In 1955, the first of these conferences was stimulated by the Einstein-Russell Manifesto that drew attention to the mortal danger of thermonuclear war. They have since been held annually and have brought together scientists from all countries, meeting as individuals rather than representatives of governments and seeking co-operative solutions to disarmament and the reduction of international tension. Dorothy Hodgkin was made President in 1975. In the face of diametrically opposed views often angrily expressed by scientists from East and West or North and South, a few gentle thoughtful words in her soft voice cooled tempers and forestalled crises. She cared deeply for the Arab cause in the Middle East, for the poorer African countries, for China and Vietnam, and in times of tension she helped to keep open scientific dialogue between them and the West.
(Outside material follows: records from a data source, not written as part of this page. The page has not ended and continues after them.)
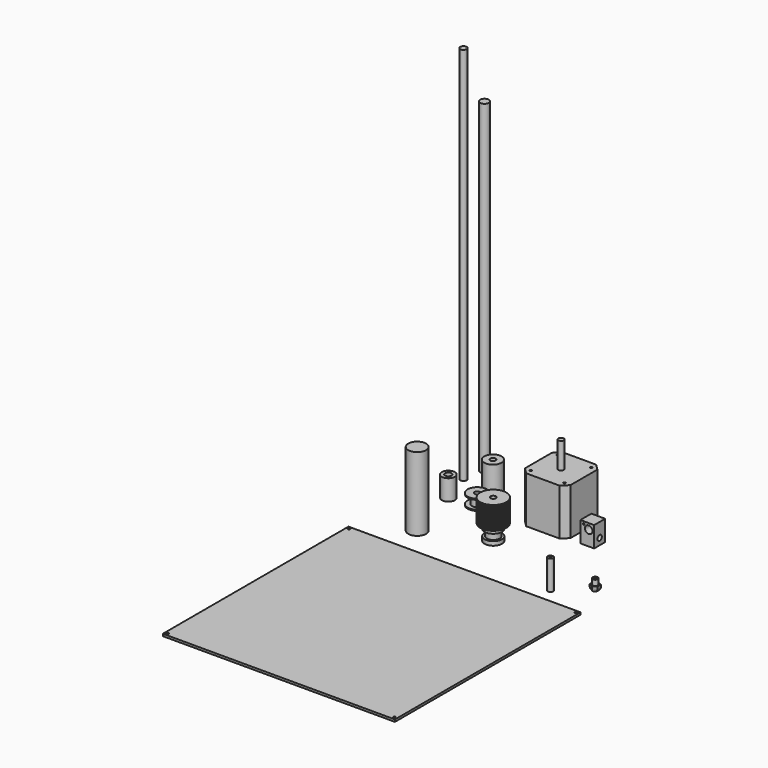
from build123d import *

# Parameters (mm, degrees)
F0_R         = 3
F1_DEPTH     = 350
F2_R         = 8
F2_R_2       = 4
F3_DEPTH     = 25
F4_R         = 6
F4_R_2       = 3
F5_DEPTH     = 19
F6_R         = 5
F7_DEPTH     = 10
F8_R         = 9
F8_R_2       = 5
F9_DEPTH     = 1
F10_R        = 9
F11_DEPTH    = 1
F12_R        = 1
F12_R_2      = 2.5
F13_DEPTH    = 43
F14_DEPTH    = 67
F15_R        = 4
F15_R_2      = 2.5
F16_DEPTH    = 12
F17_R        = 4
F18_DEPTH    = 300
F19_W        = 214
F19_H        = 214
F19_R        = 1
F20_DEPTH    = 2
F21_R        = 8.25
F22_DEPTH    = 68
F23_R        = 2
F24_DEPTH    = 1.7
F25_R        = 8
F25_R_2      = 2
F26_DEPTH    = 3.7
F27_R        = 6
F28_DEPTH    = 6
F29_R        = 8
F29_R_2      = 6
F30_DEPTH    = 3
F31_R        = 4
F32_DEPTH    = 6
F33_R        = 5
F34_DEPTH    = 1.5
F35_R        = 12
F36_DEPTH    = 1
F37_R        = 5
F38_DEPTH    = 1.5
F39_R        = 12
F40_DEPTH    = 1
F41_R        = 5
F42_DEPTH    = 1.5
F43_R        = 12
F44_DEPTH    = 1
F45_R        = 5.5
F46_DEPTH    = 1.5
F47_R        = 12
F48_DEPTH    = 1
F49_R        = 5.5
F50_DEPTH    = 1.5
F51_R        = 12
F52_DEPTH    = 1
F53_R        = 5.5
F54_DEPTH    = 1.5
F55_R        = 12
F56_DEPTH    = 1
F57_R        = 5.5
F58_DEPTH    = 1.5
F59_R        = 12
F60_DEPTH    = 1
F61_R        = 5.5
F62_DEPTH    = 1.5
F63_R        = 12
F64_DEPTH    = 1
F65_R        = 5.5
F66_DEPTH    = 1.5
F67_R        = 12
F67_R_2      = 5.5
F68_DEPTH    = 1
F69_R        = 0.875
F70_DEPTH    = 63
F71_R        = 2.5
F71_R_2      = 0.875
F72_DEPTH    = 15
F73_W        = 12.7
F73_H        = 19
F73_R        = 0.75
F73_R_2      = 3.5
F74_DEPTH    = 12.7
F75_R        = 2.5
F76_DEPTH    = 25
F77_R        = 0.1
F78_DEPTH    = 5
F79_T1_DEPTH = 19.975261396
F79_T3_DEPTH = 19.975261396
F79_T5_DEPTH = 19.975261396
F79_T7_DEPTH = 19.975261396
F79_T9_DEPTH = 19.975261396
F80_R        = 0.875
F81_DEPTH    = 3.04
F82_R        = 2.5
F82_R_2      = 0.875
F83_DEPTH    = 5
F84_R        = 2.5
F84_R_2      = 0.875
F85_DEPTH    = 27
F86_R        = 2.5
F87_DEPTH    = 25


# Not quite as in the source:
# - a fillet or chamfer that OpenCascade refuses, or shapes differently, is made with other operations: its cross-section is extruded or revolved along the edge and cut away or added


with BuildPart() as f1:
    # F0 (on Top) → F1 (new body)
    with BuildSketch(Plane.XY):
        with Locations((-57.2636425495, 36.8765890598)):
            Circle(F0_R)
    extrude(amount=F1_DEPTH)


with BuildPart() as f3:
    # F2 (on Top) → F3 (new body)
    with BuildSketch(Plane.XY):
        with Locations((-29.7810900956, 36.4768393338)):
            Circle(F2_R)
        with Locations((-29.7810900956, 36.4768393338)):
            Circle(F2_R_2, mode=Mode.SUBTRACT)
    extrude(amount=F3_DEPTH)

    # F15 (on face) → F16 (join)
    with BuildSketch(Plane.XY.offset(25)):
        with Locations((-29.7810900956, 36.4768393338)):
            Circle(F15_R)
        with Locations((-29.7810900956, 36.4768393338)):
            Circle(F15_R_2, mode=Mode.SUBTRACT)
    extrude(amount=-F16_DEPTH)


with BuildPart() as f5:
    # F4 (on Top) → F5 (new body)
    with BuildSketch(Plane.XY):
        with Locations((-47.5174151361, 7.268529851)):
            Circle(F4_R)
        with Locations((-47.5174151361, 7.268529851)):
            Circle(F4_R_2, mode=Mode.SUBTRACT)
    extrude(amount=F5_DEPTH)


with BuildPart() as f7:
    # F6 (on Top) → F7 (new body)
    with BuildSketch(Plane.XY):
        with Locations((-24.0222588181, 11.2928301096)):
            Circle(F6_R)
    extrude(amount=F7_DEPTH)

    # F8 (on face) → F9 (join)
    with BuildSketch(Plane.XY.offset(10)):
        with Locations((-24.0222588181, 11.2928301096)):
            Circle(F8_R)
        with Locations((-24.0222588181, 11.2928301096)):
            Circle(F8_R_2, mode=Mode.SUBTRACT)
    extrude(amount=-F9_DEPTH)

    # F10 (on face) → F11 (join)
    with BuildSketch(Plane(origin=(0, 0, 0), x_dir=(1, 0, 0), z_dir=(0, 0, -1))):
        with Locations((-24.0552949804, -11.3842185209)):
            Circle(F10_R)
    extrude(amount=-F11_DEPTH)

    # F86 (on face) → F87 (cut)
    with BuildSketch(Plane.XY.offset(10)):
        with Locations((-24.0222588181, 11.2928301096)):
            Circle(F86_R)
    extrude(amount=-F87_DEPTH, mode=Mode.SUBTRACT)


with BuildPart() as f13:
    # F12 (on Top) → F13 (new body)
    with BuildSketch(Plane.XY):
        Polygon((54.8616796434, 49.6951151714), (23.8616796434, 49.6951151714), (18.3616796434, 44.1951151714), (18.3616796434, 13.1951151714), (23.8616796434, 7.6951151714), (54.8616796434, 7.6951151714), (60.3616796434, 13.1951151714), (60.3616796434, 44.1951151714), align=None)
        with Locations((23.8616796434, 13.1951151714)):
            Circle(F12_R, mode=Mode.SUBTRACT)
        with Locations((54.8616796434, 13.1951151714)):
            Circle(F12_R, mode=Mode.SUBTRACT)
        with Locations((23.8616796434, 44.1951151714)):
            Circle(F12_R, mode=Mode.SUBTRACT)
        with Locations((39.3616796434, 28.6951151714)):
            Circle(F12_R_2, mode=Mode.SUBTRACT)
        with Locations((54.8616796434, 44.1951151714)):
            Circle(F12_R, mode=Mode.SUBTRACT)
    extrude(amount=F13_DEPTH)

    # F12 (on Top) → F14 (join)
    with BuildSketch(Plane.XY):
        with Locations((39.3616796434, 28.6951151714)):
            Circle(F12_R_2)
    extrude(amount=F14_DEPTH)


with BuildPart() as f18:
    # F17 (on Top) → F18 (new body)
    with BuildSketch(Plane.XY):
        with Locations((-53.5317584872, 56.4855635166)):
            Circle(F17_R)
    extrude(amount=F18_DEPTH)


with BuildPart() as f20:
    # F19 (on Top) → F20 (new body)
    with BuildSketch(Plane.XY):
        with Locations((33.727236867, -182.6495461464)):
            Rectangle(F19_W, F19_H)
        with Locations((-70.772763133, -287.1495461464)):
            Circle(F19_R, mode=Mode.SUBTRACT)
        with Locations((138.227236867, -287.1495461464)):
            Circle(F19_R, mode=Mode.SUBTRACT)
        with Locations((-70.772763133, -78.1495461464)):
            Circle(F19_R, mode=Mode.SUBTRACT)
        with Locations((138.227236867, -78.1495461464)):
            Circle(F19_R, mode=Mode.SUBTRACT)
    extrude(amount=F20_DEPTH)


with BuildPart() as f22:
    # F21 (on Top) → F22 (new body)
    with BuildSketch(Plane.XY):
        with Locations((-33.137626946, -46.6584786773)):
            Circle(F21_R)
    extrude(amount=F22_DEPTH)


with BuildPart() as f24:
    # F23 (on Top) → F24 (new body)
    with BuildSketch(Plane.XY):
        with Locations((21.4881356806, -27.2024124861)):
            Circle(F23_R)
    extrude(amount=F24_DEPTH)

    # F25 (on face) → F26 (join)
    with BuildSketch(Plane.XY.offset(1.7)):
        with Locations((21.4881356806, -27.2024124861)):
            Circle(F25_R)
        with Locations((21.4881356806, -27.2024124861)):
            Circle(F25_R_2, mode=Mode.SUBTRACT)
        with Locations((21.4881356806, -27.2024124861)):
            Circle(F25_R_2)
    extrude(amount=F26_DEPTH)

    # F27 (on face) → F28 (join)
    with BuildSketch(Plane.XY.offset(5.4)):
        with Locations((21.4881356806, -27.2024124861)):
            Circle(F27_R)
    extrude(amount=F28_DEPTH)

    # F29 (on face) → F30 (join)
    with BuildSketch(Plane.XY.offset(11.4)):
        with Locations((21.4881356806, -27.2024124861)):
            Circle(F29_R)
        with Locations((21.4881356806, -27.2024124861)):
            Circle(F29_R_2, mode=Mode.SUBTRACT)
        with Locations((21.4881356806, -27.2024124861)):
            Circle(F29_R_2)
    extrude(amount=F30_DEPTH)

    # F31 (on face) → F32 (cut)
    with BuildSketch(Plane(origin=(0, 0, 0), x_dir=(1, 0, 0), z_dir=(0, 0, -1))):
        with Locations((21.4881356806, 27.2024124861)):
            Circle(F31_R)
    extrude(amount=-F32_DEPTH, mode=Mode.SUBTRACT)

    # F33 (on face) → F34 (join)
    with BuildSketch(Plane.XY.offset(14.4)):
        with Locations((21.4881356806, -27.2024124861)):
            Circle(F33_R)
    extrude(amount=F34_DEPTH)

    # F35 (on face) → F36 (join)
    with BuildSketch(Plane.XY.offset(15.9)):
        with Locations((21.4881356806, -27.2024124861)):
            Circle(F35_R)
    extrude(amount=F36_DEPTH)

    # F37 (on face) → F38 (join)
    with BuildSketch(Plane.XY.offset(16.9)):
        with Locations((21.4881356806, -27.2024124861)):
            Circle(F37_R)
    extrude(amount=F38_DEPTH)

    # F39 (on face) → F40 (join)
    with BuildSketch(Plane.XY.offset(18.4)):
        with Locations((21.4881356806, -27.2024124861)):
            Circle(F39_R)
    extrude(amount=F40_DEPTH)

    # F41 (on face) → F42 (join)
    with BuildSketch(Plane.XY.offset(19.4)):
        with Locations((21.4881356806, -27.2024124861)):
            Circle(F41_R)
    extrude(amount=F42_DEPTH)

    # F43 (on face) → F44 (join)
    with BuildSketch(Plane.XY.offset(20.9)):
        with Locations((21.4881356806, -27.2024124861)):
            Circle(F43_R)
    extrude(amount=F44_DEPTH)

    # F45 (on face) → F46 (join)
    with BuildSketch(Plane.XY.offset(21.9)):
        with Locations((21.4881356806, -27.2024124861)):
            Circle(F45_R)
    extrude(amount=F46_DEPTH)

    # F47 (on face) → F48 (join)
    with BuildSketch(Plane.XY.offset(23.4)):
        with Locations((21.4881356806, -27.2024124861)):
            Circle(F47_R)
    extrude(amount=F48_DEPTH)

    # F49 (on face) → F50 (join)
    with BuildSketch(Plane.XY.offset(24.4)):
        with Locations((21.4881356806, -27.2024124861)):
            Circle(F49_R)
    extrude(amount=F50_DEPTH)

    # F51 (on face) → F52 (join)
    with BuildSketch(Plane.XY.offset(25.9)):
        with Locations((21.4881356806, -27.2024124861)):
            Circle(F51_R)
    extrude(amount=F52_DEPTH)

    # F53 (on face) → F54 (join)
    with BuildSketch(Plane.XY.offset(26.9)):
        with Locations((21.4881356806, -27.2024124861)):
            Circle(F53_R)
    extrude(amount=F54_DEPTH)

    # F55 (on face) → F56 (join)
    with BuildSketch(Plane.XY.offset(28.4)):
        with Locations((21.4881356806, -27.2024124861)):
            Circle(F55_R)
    extrude(amount=F56_DEPTH)

    # F57 (on face) → F58 (join)
    with BuildSketch(Plane.XY.offset(29.4)):
        with Locations((21.4881356806, -27.2024124861)):
            Circle(F57_R)
    extrude(amount=F58_DEPTH)

    # F59 (on face) → F60 (join)
    with BuildSketch(Plane.XY.offset(30.9)):
        with Locations((21.4881356806, -27.2024124861)):
            Circle(F59_R)
    extrude(amount=F60_DEPTH)

    # F61 (on face) → F62 (join)
    with BuildSketch(Plane.XY.offset(31.9)):
        with Locations((21.4881356806, -27.2024124861)):
            Circle(F61_R)
    extrude(amount=F62_DEPTH)

    # F63 (on face) → F64 (join)
    with BuildSketch(Plane.XY.offset(33.4)):
        with Locations((21.4881356806, -27.2024124861)):
            Circle(F63_R)
    extrude(amount=F64_DEPTH)

    # F65 (on face) → F66 (join)
    with BuildSketch(Plane.XY.offset(34.4)):
        with Locations((21.4881356806, -27.2024124861)):
            Circle(F65_R)
    extrude(amount=F66_DEPTH)

    # F67 (on face) → F68 (join)
    with BuildSketch(Plane.XY.offset(35.9)):
        with Locations((21.4881356806, -27.2024124861)):
            Circle(F67_R)
        with Locations((21.4881356806, -27.2024124861)):
            Circle(F67_R_2, mode=Mode.SUBTRACT)
        with Locations((21.4881356806, -27.2024124861)):
            Circle(F67_R_2)
    extrude(amount=F68_DEPTH)

    # F69 (on face) → F70 (cut)
    with BuildSketch(Plane(origin=(0, 0, 6), x_dir=(1, 0, 0), z_dir=(0, 0, -1))):
        with Locations((21.4881356806, 27.2024124861)):
            Circle(F69_R)
    extrude(amount=-F70_DEPTH, mode=Mode.SUBTRACT)

    # F71 (on face) → F72 (cut)
    with BuildSketch(Plane.XY.offset(36.9)):
        with Locations((21.4881356806, -27.2024124861)):
            Circle(F71_R)
        with Locations((21.4881356806, -27.2024124861)):
            Circle(F71_R_2, mode=Mode.SUBTRACT)
    extrude(amount=-F72_DEPTH, mode=Mode.SUBTRACT)


with BuildPart() as f74:
    # F73 (on Front) → F74 (new body)
    with BuildSketch(Plane.XZ):
        with Locations((96.546877718, 25.4235037863)):
            Rectangle(F73_W, F73_H)
        with Locations((93.1878611445, 32.6125212014)):
            Circle(F73_R, mode=Mode.SUBTRACT)
        with Locations((97.896877718, 29.5235037863)):
            Circle(F73_R_2, mode=Mode.SUBTRACT)
    extrude(amount=F74_DEPTH)

    # F75 (on face) → F76 (cut)
    with BuildSketch(Plane(origin=(90.196877718, 0, 0), x_dir=(0, -1, 0), z_dir=(-1, 0, 0))):
        with Locations((6.35, 21.9235037863)):
            Circle(F75_R)
    extrude(amount=-F76_DEPTH, mode=Mode.SUBTRACT)


with BuildPart() as f78:
    # F77 (on Top) → F78 (new body)
    with BuildSketch(Plane.XY):
        Polygon((121.874764204, -37.4743435914), (121.874764204, -41.5157954758), (125.374764204, -43.5365214179), (128.874764204, -41.5157954758), (128.874764204, -37.4743435914), (125.374764204, -35.4536176493), align=None)
        with Locations((125.374764204, -39.4950695336)):
            Circle(F77_R, mode=Mode.SUBTRACT)
    extrude(amount=F78_DEPTH)

    # F79: fillet of radius 3.1867619023 on 6 edges, made by hand

    # F79_s2 → F79_t1 (cut)
    with BuildSketch(Plane(origin=(85.5787482909, 49.4089133627, 0), x_dir=(0, 0, 1), z_dir=(-0.8660254038, -0.5, 0))):
        with BuildLine():
            add(Edge.make_bspline(
                [(3.1867619023, -93.3911156423), (0, -93.3911156423), (0, -96.5778775447)],
                knots=[0, 0, 0, 1, 1, 1], degree=2, weights=[1, 1, 1]))
            Line((0, -96.5778775447), (0, -93.3911156423))
            Line((0, -93.3911156423), (3.1867619023, -93.3911156423))
        make_face()
    extrude(amount=F79_T1_DEPTH, mode=Mode.SUBTRACT)

    # F79_s4 → F79_t3 (cut)
    with BuildSketch(Plane.XZ.offset(29.5074388356)):
        with BuildLine():
            add(Edge.make_bspline(
                [(121.874764204, 3.1867619023), (121.874764204, 0), (125.0615261064, 0)],
                knots=[0, 0, 0, 1, 1, 1], degree=2, weights=[1, 1, 1]))
            Line((125.0615261064, 0), (121.874764204, 0))
            Line((121.874764204, 0), (121.874764204, 3.1867619023))
        make_face()
        with BuildLine():
            add(Edge.make_bspline(
                [(128.874764204, 3.1867619023), (128.874764204, 0), (125.6880023017, 0)],
                knots=[0, 0, 0, 1, 1, 1], degree=2, weights=[1, 1, 1]))
            Line((125.6880023017, 0), (128.874764204, 0))
            Line((128.874764204, 0), (128.874764204, 3.1867619023))
        make_face()
    extrude(amount=F79_T3_DEPTH, mode=Mode.SUBTRACT)

    # F79_s6 → F79_t5 (cut)
    with BuildSketch(Plane(origin=(119.7824818313, -69.1564481295, 0), x_dir=(0, 0, 1), z_dir=(-0.8660254038, 0.5, 0))):
        with BuildLine():
            add(Edge.make_bspline(
                [(3.1867619023, 31.9836485617), (0, 31.9836485617), (0, 28.7968866594)],
                knots=[0, 0, 0, 1, 1, 1], degree=2, weights=[1, 1, 1]))
            Line((0, 28.7968866594), (0, 31.9836485617))
            Line((0, 31.9836485617), (3.1867619023, 31.9836485617))
        make_face()
    extrude(amount=F79_T5_DEPTH, mode=Mode.SUBTRACT)

    # F79_s8 → F79_t7 (cut)
    with BuildSketch(Plane(origin=(68.2796644748, 39.4212826647, 0), x_dir=(0, 0, 1), z_dir=(0.8660254038, 0.5, 0))):
        with BuildLine():
            add(Edge.make_bspline(
                [(3.1867619023, 100.3911156423), (0, 100.3911156423), (0, 97.20435374)],
                knots=[0, 0, 0, 1, 1, 1], degree=2, weights=[1, 1, 1]))
            Line((0, 97.20435374), (0, 100.3911156423))
            Line((0, 100.3911156423), (3.1867619023, 100.3911156423))
        make_face()
    extrude(amount=F79_T7_DEPTH, mode=Mode.SUBTRACT)

    # F79_s10 → F79_t9 (cut)
    with BuildSketch(Plane(origin=(102.4833980151, -59.1688174315, 0), x_dir=(0, 0, 1), z_dir=(0.8660254038, -0.5, 0))):
        with BuildLine():
            add(Edge.make_bspline(
                [(3.1867619023, -24.9836485617), (0, -24.9836485617), (0, -28.170410464)],
                knots=[0, 0, 0, 1, 1, 1], degree=2, weights=[1, 1, 1]))
            Line((0, -28.170410464), (0, -24.9836485617))
            Line((0, -24.9836485617), (3.1867619023, -24.9836485617))
        make_face()
    extrude(amount=F79_T9_DEPTH, mode=Mode.SUBTRACT)

    # F80 (on face) → F81 (cut)
    with BuildSketch(Plane.XY.offset(5)):
        with Locations((125.374764204, -39.4950695336)):
            Circle(F80_R)
    extrude(amount=-F81_DEPTH, mode=Mode.SUBTRACT)

    # F82 (on face) → F83 (join)
    with BuildSketch(Plane.XY.offset(5)):
        with Locations((125.374764204, -39.4950695336)):
            Circle(F82_R)
        with Locations((125.374764204, -39.4950695336)):
            Circle(F82_R_2, mode=Mode.SUBTRACT)
    extrude(amount=F83_DEPTH)


with BuildPart() as f85:
    # F84 (on Top) → F85 (new body)
    with BuildSketch(Plane.XY):
        with Locations((100.0474393368, -59.4899617136)):
            Circle(F84_R)
        with Locations((100.0474393368, -59.4899617136)):
            Circle(F84_R_2, mode=Mode.SUBTRACT)
    extrude(amount=F85_DEPTH)


solid = Compound([f1.part, f3.part, f5.part, f7.part, f13.part, f18.part, f20.part, f22.part, f24.part, f74.part, f78.part, f85.part])

In 1970 Hodgkin was elected Chancellor of Bristol University, an office to which she brought a breath of fresh air. She attended meetings regularly and often acted as the university's conscience, taking an interest in individuals, particularly if she thought they had been hard done by. She was the first chancellor of the university always to visit the Students' Union and to have lunch with its officers, and she took a keen interest in the research of her crystallographic colleagues. She supported the establishment of a Hodgkin Scholarship for a student from the Third World and of Hodgkin House to accommodate overseas students, both named after her late husband, a specialist in African studies.

Dorothy Hodgkin's uncanny knack of solving difficult structures came from a combination of manual skill, mathematical ability and profound knowledge of crystallography and chemistry. It often led her and her alone to recognise what the initially blurred maps emerging from X-ray analysis were trying to tell. She will be remembered as a great chemist, a saintly, gentle and tolerant lover of people and a devoted protagonist of peace.